This gravity effect takes place in my dreams several times when I am trying to furiously hit the brakes on a vehicle I'm driving, the car just keeps going and you crash or it just refuses for the brakes to work and you drive right off the edge of a high cliff.

I have researched this gravity problem in dreams and I think the best explanation is this... when you are laying in bed, your body rests as it is dreaming... therefore if you fall off of your bed, you will feel the kick of reality/gravity as you fall. but if you remain laying down, the fact that your body is stationary, means that you are not going to feel the strong PULL of a vehicle that you are accustomed to when you are inside of a vehicle when it is using the brakes and stopping its forward momentum.

It's really frustrating to me when I can't stop a moving vehicle in my dreams, because It always causes my drive to end with a crash. I'm sur its just as frustratingfor you to not be able to fire a gun.... but I'm trying to think and I don't think I've had this problem.... maybe Its because I play online first person shooters alot with my friend on xbox live so my mind had very little association with the kickback of a weapon.

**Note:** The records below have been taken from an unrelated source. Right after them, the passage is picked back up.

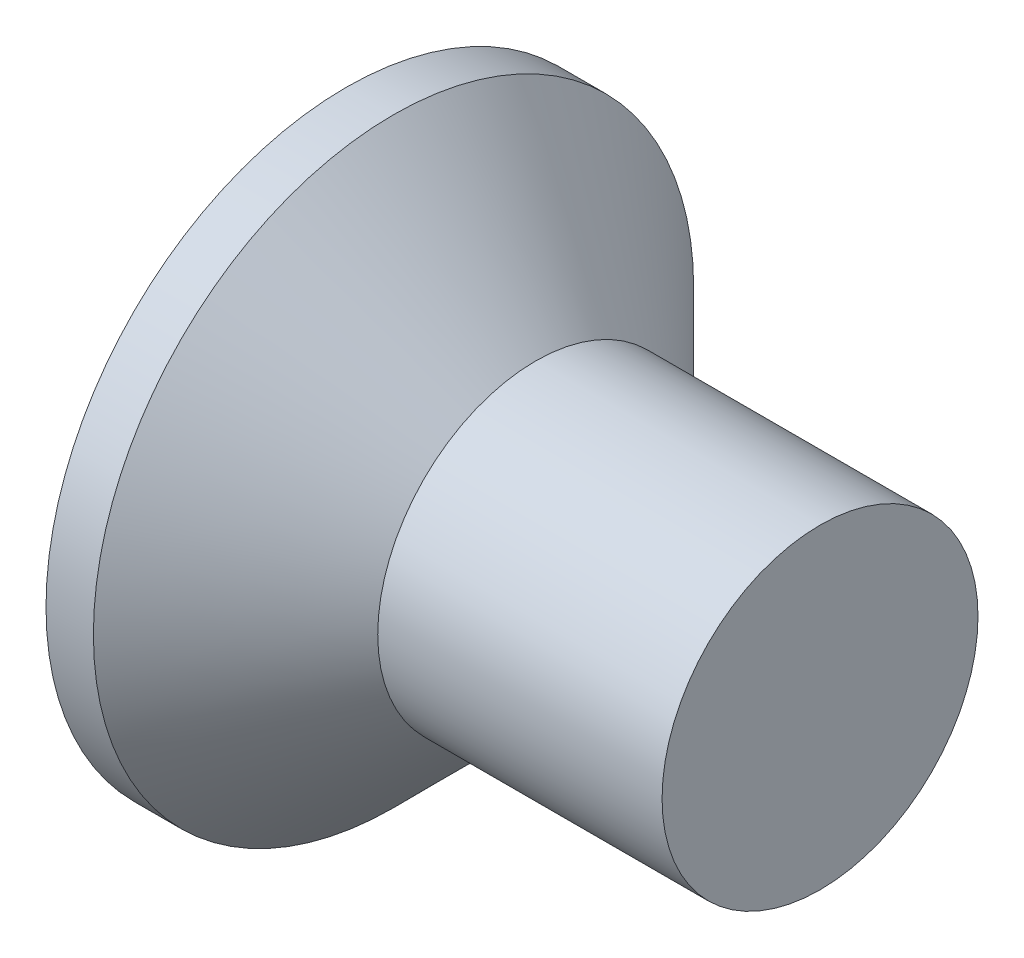
ISO-10303-21;
HEADER;
FILE_DESCRIPTION(('STEP AP214'),'2;1');
FILE_NAME('part.step','',(''),(''),'','','');
FILE_SCHEMA(('AUTOMOTIVE_DESIGN { 1 0 10303 214 1 1 1 1 }'));
ENDSEC;
DATA;
#1=APPLICATION_CONTEXT('core data for automotive mechanical design processes');
#2=APPLICATION_PROTOCOL_DEFINITION('international standard','automotive_design',2000,#1);
#3=PRODUCT_CONTEXT('',#1,'mechanical');
#4=PRODUCT('Part','Part','',(#3));
#5=PRODUCT_RELATED_PRODUCT_CATEGORY('part','',(#4));
#6=PRODUCT_DEFINITION_FORMATION('','',#4);
#7=PRODUCT_DEFINITION_CONTEXT('part definition',#1,'design');
#8=PRODUCT_DEFINITION('design','',#6,#7);
#9=PRODUCT_DEFINITION_SHAPE('','',#8);
#10=(LENGTH_UNIT() NAMED_UNIT(*) SI_UNIT(.MILLI.,.METRE.));
#11=(NAMED_UNIT(*) PLANE_ANGLE_UNIT() SI_UNIT($,.RADIAN.));
#12=(NAMED_UNIT(*) SI_UNIT($,.STERADIAN.) SOLID_ANGLE_UNIT());
#13=UNCERTAINTY_MEASURE_WITH_UNIT(LENGTH_MEASURE(1.E-05),#10,'distance_accuracy_value','');
#14=(GEOMETRIC_REPRESENTATION_CONTEXT(3) GLOBAL_UNCERTAINTY_ASSIGNED_CONTEXT((#13)) GLOBAL_UNIT_ASSIGNED_CONTEXT((#10,
#11,#12)) REPRESENTATION_CONTEXT('',''));
#15=CARTESIAN_POINT('',(0.,0.,0.));
#16=DIRECTION('',(0.,0.,1.));
#17=DIRECTION('',(1.,0.,0.));
#18=AXIS2_PLACEMENT_3D('',#15,#16,#17);
#19=CARTESIAN_POINT('',(0.,0.,0.));
#20=DIRECTION('',(-1.,0.,0.));
#21=DIRECTION('',(0.,0.,1.));
#22=AXIS2_PLACEMENT_3D('',#19,#20,#21);
#23=PLANE('',#22);
#24=CARTESIAN_POINT('',(0.,0.,0.));
#25=DIRECTION('',(-1.,0.,0.));
#26=DIRECTION('',(0.,0.,1.));
#27=AXIS2_PLACEMENT_3D('',#24,#25,#26);
#28=CIRCLE('',#27,1.9);
#29=CARTESIAN_POINT('',(0.,0.,1.9));
#30=VERTEX_POINT('',#29);
#31=EDGE_CURVE('E42',#30,#30,#28,.T.);
#32=ORIENTED_EDGE('',*,*,#31,.T.);
#33=EDGE_LOOP('',(#32));
#34=FACE_BOUND('',#33,.T.);
#35=DIRECTION('',(0.,1.,0.));
#36=VECTOR('',#35,1.);
#37=CARTESIAN_POINT('',(0.,-1.07,-0.264999999999999));
#38=LINE('',#37,#36);
#39=CARTESIAN_POINT('',(0.,-1.07,-0.264999999999999));
#40=VERTEX_POINT('',#39);
#41=CARTESIAN_POINT('',(0.,-0.264999999999999,-0.264999999999999));
#42=VERTEX_POINT('',#41);
#43=EDGE_CURVE('E103',#40,#42,#38,.T.);
#44=ORIENTED_EDGE('',*,*,#43,.T.);
#45=DIRECTION('',(0.,0.,-1.));
#46=VECTOR('',#45,1.);
#47=CARTESIAN_POINT('',(0.,-0.265000000000004,1.07));
#48=LINE('',#47,#46);
#49=CARTESIAN_POINT('',(0.,-0.264999999999996,-1.07));
#50=VERTEX_POINT('',#49);
#51=EDGE_CURVE('E83',#42,#50,#48,.T.);
#52=ORIENTED_EDGE('',*,*,#51,.T.);
#53=DIRECTION('',(0.,1.,0.));
#54=VECTOR('',#53,1.);
#55=CARTESIAN_POINT('',(0.,-0.264999999999996,-1.07));
#56=LINE('',#55,#54);
#57=CARTESIAN_POINT('',(0.,0.265000000000003,-1.07));
#58=VERTEX_POINT('',#57);
#59=EDGE_CURVE('E340',#50,#58,#56,.T.);
#60=ORIENTED_EDGE('',*,*,#59,.T.);
#61=DIRECTION('',(0.,0.,1.));
#62=VECTOR('',#61,1.);
#63=CARTESIAN_POINT('',(0.,0.265000000000003,-1.07));
#64=LINE('',#63,#62);
#65=CARTESIAN_POINT('',(0.,0.265,-0.264999999999999));
#66=VERTEX_POINT('',#65);
#67=EDGE_CURVE('E99',#58,#66,#64,.T.);
#68=ORIENTED_EDGE('',*,*,#67,.T.);
#69=CARTESIAN_POINT('',(0.,1.07,-0.264999999999999));
#70=VERTEX_POINT('',#69);
#71=EDGE_CURVE('E93',#66,#70,#38,.T.);
#72=ORIENTED_EDGE('',*,*,#71,.T.);
#73=DIRECTION('',(0.,0.,1.));
#74=VECTOR('',#73,1.);
#75=CARTESIAN_POINT('',(0.,1.07,-0.264999999999999));
#76=LINE('',#75,#74);
#77=CARTESIAN_POINT('',(0.,1.07,0.265));
#78=VERTEX_POINT('',#77);
#79=EDGE_CURVE('E96',#70,#78,#76,.T.);
#80=ORIENTED_EDGE('',*,*,#79,.T.);
#81=DIRECTION('',(0.,-1.,0.));
#82=VECTOR('',#81,1.);
#83=CARTESIAN_POINT('',(0.,1.07,0.265));
#84=LINE('',#83,#82);
#85=CARTESIAN_POINT('',(0.,0.264999999999998,0.265));
#86=VERTEX_POINT('',#85);
#87=EDGE_CURVE('E352',#78,#86,#84,.T.);
#88=ORIENTED_EDGE('',*,*,#87,.T.);
#89=CARTESIAN_POINT('',(0.,0.264999999999996,1.07));
#90=VERTEX_POINT('',#89);
#91=EDGE_CURVE('E335',#86,#90,#64,.T.);
#92=ORIENTED_EDGE('',*,*,#91,.T.);
#93=DIRECTION('',(0.,-1.,0.));
#94=VECTOR('',#93,1.);
#95=CARTESIAN_POINT('',(0.,0.264999999999996,1.07));
#96=LINE('',#95,#94);
#97=CARTESIAN_POINT('',(0.,-0.265000000000004,1.07));
#98=VERTEX_POINT('',#97);
#99=EDGE_CURVE('E321',#90,#98,#96,.T.);
#100=ORIENTED_EDGE('',*,*,#99,.T.);
#101=CARTESIAN_POINT('',(0.,-0.265000000000001,0.265));
#102=VERTEX_POINT('',#101);
#103=EDGE_CURVE('E333',#98,#102,#48,.T.);
#104=ORIENTED_EDGE('',*,*,#103,.T.);
#105=CARTESIAN_POINT('',(0.,-1.07,0.265));
#106=VERTEX_POINT('',#105);
#107=EDGE_CURVE('E109',#102,#106,#84,.T.);
#108=ORIENTED_EDGE('',*,*,#107,.T.);
#109=DIRECTION('',(0.,0.,-1.));
#110=VECTOR('',#109,1.);
#111=CARTESIAN_POINT('',(0.,-1.07,0.265));
#112=LINE('',#111,#110);
#113=EDGE_CURVE('E132',#106,#40,#112,.T.);
#114=ORIENTED_EDGE('',*,*,#113,.T.);
#115=EDGE_LOOP('',(#44,#52,#60,#68,#72,#80,#88,#92,#100,#104,#108,#114));
#116=FACE_BOUND('',#115,.T.);
#117=ADVANCED_FACE('F35',(#34,#116),#23,.T.);
#118=CARTESIAN_POINT('',(1.75765333333333,0.,0.113773333333333));
#119=DIRECTION('',(-0.0857222578731988,0.,-0.996319072639443));
#120=DIRECTION('',(-0.996319072639444,0.,0.0857222578731988));
#121=AXIS2_PLACEMENT_3D('',#118,#119,#120);
#122=PLANE('',#121);
#123=ORIENTED_EDGE('',*,*,#107,.F.);
#124=DIRECTION('',(0.992678495991953,0.0854090264408664,-0.0854090264408661));
#125=VECTOR('',#124,1.);
#126=CARTESIAN_POINT('',(1.76729945793969,-0.112943390794151,0.11294339079415));
#127=LINE('',#126,#125);
#128=CARTESIAN_POINT('',(1.54,-0.1325,0.1325));
#129=VERTEX_POINT('',#128);
#130=EDGE_CURVE('E127',#102,#129,#127,.T.);
#131=ORIENTED_EDGE('',*,*,#130,.T.);
#132=DIRECTION('',(0.851874354386278,0.518592342361777,-0.0732943843871311));
#133=VECTOR('',#132,1.);
#134=CARTESIAN_POINT('',(0.,-1.07,0.265));
#135=LINE('',#134,#133);
#136=EDGE_CURVE('E104',#106,#129,#135,.T.);
#137=ORIENTED_EDGE('',*,*,#136,.F.);
#138=EDGE_LOOP('',(#123,#131,#137));
#139=FACE_BOUND('',#138,.T.);
#140=ADVANCED_FACE('F155',(#139),#122,.T.);
#141=DIRECTION('',(0.851874354386278,-0.518592342361776,-0.0732943843871309));
#142=VECTOR('',#141,1.);
#143=CARTESIAN_POINT('',(0.,1.07,0.265));
#144=LINE('',#143,#142);
#145=CARTESIAN_POINT('',(1.54,0.1325,0.1325));
#146=VERTEX_POINT('',#145);
#147=EDGE_CURVE('E49',#78,#146,#144,.T.);
#148=ORIENTED_EDGE('',*,*,#147,.T.);
#149=DIRECTION('',(-0.992678495991953,0.0854090264408654,0.0854090264408661));
#150=VECTOR('',#149,1.);
#151=CARTESIAN_POINT('',(1.76729945793969,0.11294339079415,0.11294339079415));
#152=LINE('',#151,#150);
#153=EDGE_CURVE('E348',#146,#86,#152,.T.);
#154=ORIENTED_EDGE('',*,*,#153,.T.);
#155=ORIENTED_EDGE('',*,*,#87,.F.);
#156=EDGE_LOOP('',(#148,#154,#155));
#157=FACE_BOUND('',#156,.T.);
#158=ADVANCED_FACE('F159',(#157),#122,.T.);
#159=CARTESIAN_POINT('',(1.75765333333333,0.,-0.113773333333333));
#160=DIRECTION('',(-0.0857222578731985,0.,0.996319072639444));
#161=DIRECTION('',(0.996319072639444,0.,0.0857222578731985));
#162=AXIS2_PLACEMENT_3D('',#159,#160,#161);
#163=PLANE('',#162);
#164=DIRECTION('',(0.851874354386278,0.518592342361777,0.0732943843871307));
#165=VECTOR('',#164,1.);
#166=CARTESIAN_POINT('',(0.,-1.07,-0.264999999999999));
#167=LINE('',#166,#165);
#168=CARTESIAN_POINT('',(1.54,-0.1325,-0.1325));
#169=VERTEX_POINT('',#168);
#170=EDGE_CURVE('E58',#40,#169,#167,.T.);
#171=ORIENTED_EDGE('',*,*,#170,.T.);
#172=DIRECTION('',(-0.992678495991953,-0.0854090264408658,-0.0854090264408657));
#173=VECTOR('',#172,1.);
#174=CARTESIAN_POINT('',(1.76729945793969,-0.11294339079415,-0.11294339079415));
#175=LINE('',#174,#173);
#176=EDGE_CURVE('E11',#169,#42,#175,.T.);
#177=ORIENTED_EDGE('',*,*,#176,.T.);
#178=ORIENTED_EDGE('',*,*,#43,.F.);
#179=EDGE_LOOP('',(#171,#177,#178));
#180=FACE_BOUND('',#179,.T.);
#181=ADVANCED_FACE('F152',(#180),#163,.T.);
#182=ORIENTED_EDGE('',*,*,#71,.F.);
#183=DIRECTION('',(0.992678495991953,-0.0854090264408661,0.0854090264408657));
#184=VECTOR('',#183,1.);
#185=CARTESIAN_POINT('',(1.76729945793969,0.112943390794151,-0.11294339079415));
#186=LINE('',#185,#184);
#187=CARTESIAN_POINT('',(1.54,0.1325,-0.1325));
#188=VERTEX_POINT('',#187);
#189=EDGE_CURVE('E112',#66,#188,#186,.T.);
#190=ORIENTED_EDGE('',*,*,#189,.T.);
#191=DIRECTION('',(0.851874354386278,-0.518592342361776,0.0732943843871307));
#192=VECTOR('',#191,1.);
#193=CARTESIAN_POINT('',(0.,1.07,-0.264999999999999));
#194=LINE('',#193,#192);
#195=EDGE_CURVE('E108',#70,#188,#194,.T.);
#196=ORIENTED_EDGE('',*,*,#195,.F.);
#197=EDGE_LOOP('',(#182,#190,#196));
#198=FACE_BOUND('',#197,.T.);
#199=ADVANCED_FACE('F111',(#198),#163,.T.);
#200=CARTESIAN_POINT('',(-6.34999999999999,0.,0.));
#201=DIRECTION('',(-1.,0.,0.));
#202=DIRECTION('',(0.,0.,1.));
#203=AXIS2_PLACEMENT_3D('',#200,#201,#202);
#204=CYLINDRICAL_SURFACE('',#203,1.9);
#205=CARTESIAN_POINT('',(0.300000000000004,0.,0.));
#206=DIRECTION('',(-1.,0.,0.));
#207=DIRECTION('',(0.,0.,1.));
#208=AXIS2_PLACEMENT_3D('',#205,#206,#207);
#209=CIRCLE('',#208,1.9);
#210=CARTESIAN_POINT('',(0.300000000000004,0.,1.9));
#211=VERTEX_POINT('',#210);
#212=EDGE_CURVE('E135',#211,#211,#209,.T.);
#213=ORIENTED_EDGE('',*,*,#212,.T.);
#214=EDGE_LOOP('',(#213));
#215=FACE_BOUND('',#214,.T.);
#216=ORIENTED_EDGE('',*,*,#31,.F.);
#217=EDGE_LOOP('',(#216));
#218=FACE_BOUND('',#217,.T.);
#219=ADVANCED_FACE('F141',(#215,#218),#204,.T.);
#220=CARTESIAN_POINT('',(0.300000000000004,0.,0.));
#221=DIRECTION('',(-1.,0.,0.));
#222=DIRECTION('',(0.,0.,1.));
#223=AXIS2_PLACEMENT_3D('',#220,#221,#222);
#224=CONICAL_SURFACE('',#223,1.9,0.785398163397451);
#225=CARTESIAN_POINT('',(1.2,0.,0.));
#226=DIRECTION('',(-1.,0.,0.));
#227=DIRECTION('',(0.,0.,1.));
#228=AXIS2_PLACEMENT_3D('',#225,#226,#227);
#229=CIRCLE('',#228,1.);
#230=CARTESIAN_POINT('',(1.2,0.,1.));
#231=VERTEX_POINT('',#230);
#232=EDGE_CURVE('E131',#231,#231,#229,.T.);
#233=ORIENTED_EDGE('',*,*,#232,.T.);
#234=EDGE_LOOP('',(#233));
#235=FACE_BOUND('',#234,.T.);
#236=ORIENTED_EDGE('',*,*,#212,.F.);
#237=EDGE_LOOP('',(#236));
#238=FACE_BOUND('',#237,.T.);
#239=ADVANCED_FACE('F143',(#235,#238),#224,.T.);
#240=CARTESIAN_POINT('',(-6.34999999999999,0.,0.));
#241=DIRECTION('',(-1.,0.,0.));
#242=DIRECTION('',(0.,0.,1.));
#243=AXIS2_PLACEMENT_3D('',#240,#241,#242);
#244=CYLINDRICAL_SURFACE('',#243,1.);
#245=CARTESIAN_POINT('',(3.,0.,0.));
#246=DIRECTION('',(-1.,0.,0.));
#247=DIRECTION('',(0.,0.,1.));
#248=AXIS2_PLACEMENT_3D('',#245,#246,#247);
#249=CIRCLE('',#248,1.);
#250=CARTESIAN_POINT('',(3.,0.,1.));
#251=VERTEX_POINT('',#250);
#252=EDGE_CURVE('E128',#251,#251,#249,.T.);
#253=ORIENTED_EDGE('',*,*,#252,.T.);
#254=EDGE_LOOP('',(#253));
#255=FACE_BOUND('',#254,.T.);
#256=ORIENTED_EDGE('',*,*,#232,.F.);
#257=EDGE_LOOP('',(#256));
#258=FACE_BOUND('',#257,.T.);
#259=ADVANCED_FACE('F149',(#255,#258),#244,.T.);
#260=CARTESIAN_POINT('',(3.,1.,0.));
#261=DIRECTION('',(1.,0.,0.));
#262=DIRECTION('',(0.,0.,-1.));
#263=AXIS2_PLACEMENT_3D('',#260,#261,#262);
#264=PLANE('',#263);
#265=ORIENTED_EDGE('',*,*,#252,.F.);
#266=EDGE_LOOP('',(#265));
#267=FACE_BOUND('',#266,.T.);
#268=ADVANCED_FACE('F179',(#267),#264,.T.);
#269=CARTESIAN_POINT('',(1.54,0.1325,-0.1325));
#270=DIRECTION('',(1.,0.,0.));
#271=DIRECTION('',(0.,0.,-1.));
#272=AXIS2_PLACEMENT_3D('',#269,#270,#271);
#273=PLANE('',#272);
#274=DIRECTION('',(0.,1.,0.));
#275=VECTOR('',#274,1.);
#276=CARTESIAN_POINT('',(1.54,-0.1325,-0.1325));
#277=LINE('',#276,#275);
#278=EDGE_CURVE('E123',#169,#188,#277,.T.);
#279=ORIENTED_EDGE('',*,*,#278,.F.);
#280=DIRECTION('',(0.,0.,-1.));
#281=VECTOR('',#280,1.);
#282=CARTESIAN_POINT('',(1.54,-0.1325,0.1325));
#283=LINE('',#282,#281);
#284=EDGE_CURVE('E114',#129,#169,#283,.T.);
#285=ORIENTED_EDGE('',*,*,#284,.F.);
#286=DIRECTION('',(0.,-1.,0.));
#287=VECTOR('',#286,1.);
#288=CARTESIAN_POINT('',(1.54,0.1325,0.1325));
#289=LINE('',#288,#287);
#290=EDGE_CURVE('E117',#146,#129,#289,.T.);
#291=ORIENTED_EDGE('',*,*,#290,.F.);
#292=DIRECTION('',(0.,0.,1.));
#293=VECTOR('',#292,1.);
#294=CARTESIAN_POINT('',(1.54,0.1325,-0.1325));
#295=LINE('',#294,#293);
#296=EDGE_CURVE('E121',#188,#146,#295,.T.);
#297=ORIENTED_EDGE('',*,*,#296,.F.);
#298=EDGE_LOOP('',(#279,#285,#291,#297));
#299=FACE_BOUND('',#298,.T.);
#300=ADVANCED_FACE('F176',(#299),#273,.F.);
#301=CARTESIAN_POINT('',(1.54,-0.1325,-0.1325));
#302=DIRECTION('',(-0.519990936244093,0.854171777936963,0.));
#303=DIRECTION('',(-0.854171777936963,-0.519990936244093,0.));
#304=AXIS2_PLACEMENT_3D('',#301,#302,#303);
#305=PLANE('',#304);
#306=ORIENTED_EDGE('',*,*,#170,.F.);
#307=ORIENTED_EDGE('',*,*,#113,.F.);
#308=ORIENTED_EDGE('',*,*,#136,.T.);
#309=ORIENTED_EDGE('',*,*,#284,.T.);
#310=EDGE_LOOP('',(#306,#307,#308,#309));
#311=FACE_BOUND('',#310,.T.);
#312=ADVANCED_FACE('F168',(#311),#305,.T.);
#313=CARTESIAN_POINT('',(0.,1.07,0.265));
#314=DIRECTION('',(-0.519990936244092,-0.854171777936963,0.));
#315=DIRECTION('',(0.854171777936963,-0.519990936244092,0.));
#316=AXIS2_PLACEMENT_3D('',#313,#314,#315);
#317=PLANE('',#316);
#318=ORIENTED_EDGE('',*,*,#147,.F.);
#319=ORIENTED_EDGE('',*,*,#79,.F.);
#320=ORIENTED_EDGE('',*,*,#195,.T.);
#321=ORIENTED_EDGE('',*,*,#296,.T.);
#322=EDGE_LOOP('',(#318,#319,#320,#321));
#323=FACE_BOUND('',#322,.T.);
#324=ADVANCED_FACE('F107',(#323),#317,.T.);
#325=CARTESIAN_POINT('',(1.75765333333333,-0.113773333333333,0.));
#326=DIRECTION('',(-0.0857222578731988,0.996319072639443,0.));
#327=DIRECTION('',(-0.996319072639444,-0.0857222578731988,0.));
#328=AXIS2_PLACEMENT_3D('',#325,#326,#327);
#329=PLANE('',#328);
#330=DIRECTION('',(0.851874354386278,0.0732943843871293,0.518592342361777));
#331=VECTOR('',#330,1.);
#332=CARTESIAN_POINT('',(0.,-0.264999999999996,-1.07));
#333=LINE('',#332,#331);
#334=EDGE_CURVE('E342',#50,#169,#333,.T.);
#335=ORIENTED_EDGE('',*,*,#334,.F.);
#336=ORIENTED_EDGE('',*,*,#51,.F.);
#337=ORIENTED_EDGE('',*,*,#176,.F.);
#338=EDGE_LOOP('',(#335,#336,#337));
#339=FACE_BOUND('',#338,.T.);
#340=ADVANCED_FACE('F175',(#339),#329,.T.);
#341=CARTESIAN_POINT('',(1.75765333333333,0.113773333333333,0.));
#342=DIRECTION('',(-0.0857222578731985,-0.996319072639444,0.));
#343=DIRECTION('',(0.996319072639444,-0.0857222578731985,0.));
#344=AXIS2_PLACEMENT_3D('',#341,#342,#343);
#345=PLANE('',#344);
#346=ORIENTED_EDGE('',*,*,#67,.F.);
#347=DIRECTION('',(0.851874354386278,-0.0732943843871325,0.518592342361776));
#348=VECTOR('',#347,1.);
#349=CARTESIAN_POINT('',(0.,0.265000000000003,-1.07));
#350=LINE('',#349,#348);
#351=EDGE_CURVE('E74',#58,#188,#350,.T.);
#352=ORIENTED_EDGE('',*,*,#351,.T.);
#353=ORIENTED_EDGE('',*,*,#189,.F.);
#354=EDGE_LOOP('',(#346,#352,#353));
#355=FACE_BOUND('',#354,.T.);
#356=ADVANCED_FACE('F219',(#355),#345,.T.);
#357=CARTESIAN_POINT('',(1.54,0.1325,-0.1325));
#358=DIRECTION('',(-0.519990936244093,0.,0.854171777936963));
#359=DIRECTION('',(-0.854171777936963,0.,-0.519990936244093));
#360=AXIS2_PLACEMENT_3D('',#357,#358,#359);
#361=PLANE('',#360);
#362=ORIENTED_EDGE('',*,*,#351,.F.);
#363=ORIENTED_EDGE('',*,*,#59,.F.);
#364=ORIENTED_EDGE('',*,*,#334,.T.);
#365=ORIENTED_EDGE('',*,*,#278,.T.);
#366=EDGE_LOOP('',(#362,#363,#364,#365));
#367=FACE_BOUND('',#366,.T.);
#368=ADVANCED_FACE('F227',(#367),#361,.T.);
#369=ORIENTED_EDGE('',*,*,#103,.F.);
#370=DIRECTION('',(0.851874354386278,0.0732943843871327,-0.518592342361776));
#371=VECTOR('',#370,1.);
#372=CARTESIAN_POINT('',(0.,-0.265000000000004,1.07));
#373=LINE('',#372,#371);
#374=EDGE_CURVE('E318',#98,#129,#373,.T.);
#375=ORIENTED_EDGE('',*,*,#374,.T.);
#376=ORIENTED_EDGE('',*,*,#130,.F.);
#377=EDGE_LOOP('',(#369,#375,#376));
#378=FACE_BOUND('',#377,.T.);
#379=ADVANCED_FACE('F221',(#378),#329,.T.);
#380=DIRECTION('',(0.851874354386278,-0.0732943843871289,-0.518592342361776));
#381=VECTOR('',#380,1.);
#382=CARTESIAN_POINT('',(0.,0.264999999999996,1.07));
#383=LINE('',#382,#381);
#384=EDGE_CURVE('E329',#90,#146,#383,.T.);
#385=ORIENTED_EDGE('',*,*,#384,.F.);
#386=ORIENTED_EDGE('',*,*,#91,.F.);
#387=ORIENTED_EDGE('',*,*,#153,.F.);
#388=EDGE_LOOP('',(#385,#386,#387));
#389=FACE_BOUND('',#388,.T.);
#390=ADVANCED_FACE('F229',(#389),#345,.T.);
#391=CARTESIAN_POINT('',(0.,-0.265000000000004,1.07));
#392=DIRECTION('',(-0.519990936244092,0.,-0.854171777936963));
#393=DIRECTION('',(0.854171777936963,0.,-0.519990936244092));
#394=AXIS2_PLACEMENT_3D('',#391,#392,#393);
#395=PLANE('',#394);
#396=ORIENTED_EDGE('',*,*,#374,.F.);
#397=ORIENTED_EDGE('',*,*,#99,.F.);
#398=ORIENTED_EDGE('',*,*,#384,.T.);
#399=ORIENTED_EDGE('',*,*,#290,.T.);
#400=EDGE_LOOP('',(#396,#397,#398,#399));
#401=FACE_BOUND('',#400,.T.);
#402=ADVANCED_FACE('F248',(#401),#395,.T.);
#403=CLOSED_SHELL('',(#117,#140,#158,#181,#199,#219,#239,#259,#268,#300,#312,#324,#340,#356,
#368,#379,#390,#402));
#404=MANIFOLD_SOLID_BREP('B2',#403);
#405=ADVANCED_BREP_SHAPE_REPRESENTATION('',(#18,#404),#14);
#406=SHAPE_DEFINITION_REPRESENTATION(#9,#405);
ENDSEC;
END-ISO-10303-21;

I just see it on the screen but only feel a slight vibration from the controller. thats hilarious though.

----------


## elucid

Next time try to not think about it too much, that could in my opinion pose resistance to the normal flow of the dream.

----------


## Drokens

I've had many dreams involving guns and most of the time they don't seem to work. Once in a while I'll be able to kill somebody with it, but it is still not "normal". Once, I shot at somebody and there was no sound. When I looked he was bleeding from the neck as if I had shot him. Other times, I pull the trigger and nothing ever happens.

 I'd agree that it's like light switches and such. But hell, I'm unsure why this type of stuff doesn't work.

----------


## Shadow27

Guns in my dreams always end up being airsoft guns  :tongue2: 
They work perfectly fine though.

I'm sure if I was lucid they would work like real guns.

----------


## Different

I've fired a gun before in real life.
To be honest, I don't want to fire guns in my dreams. I want a scimitar. I want medieval weapons, guns are boring. Sword fights are great!
I also hope to do what Deidera, a character from the anime 'naruto' does.
His hand has a mouth, and eats clay in a bag he carries. it then spits out an origami paper bird which Deidera throws at people. The bird flies at them and Deidera shouts 'KAI!' and the bird explodes!

----------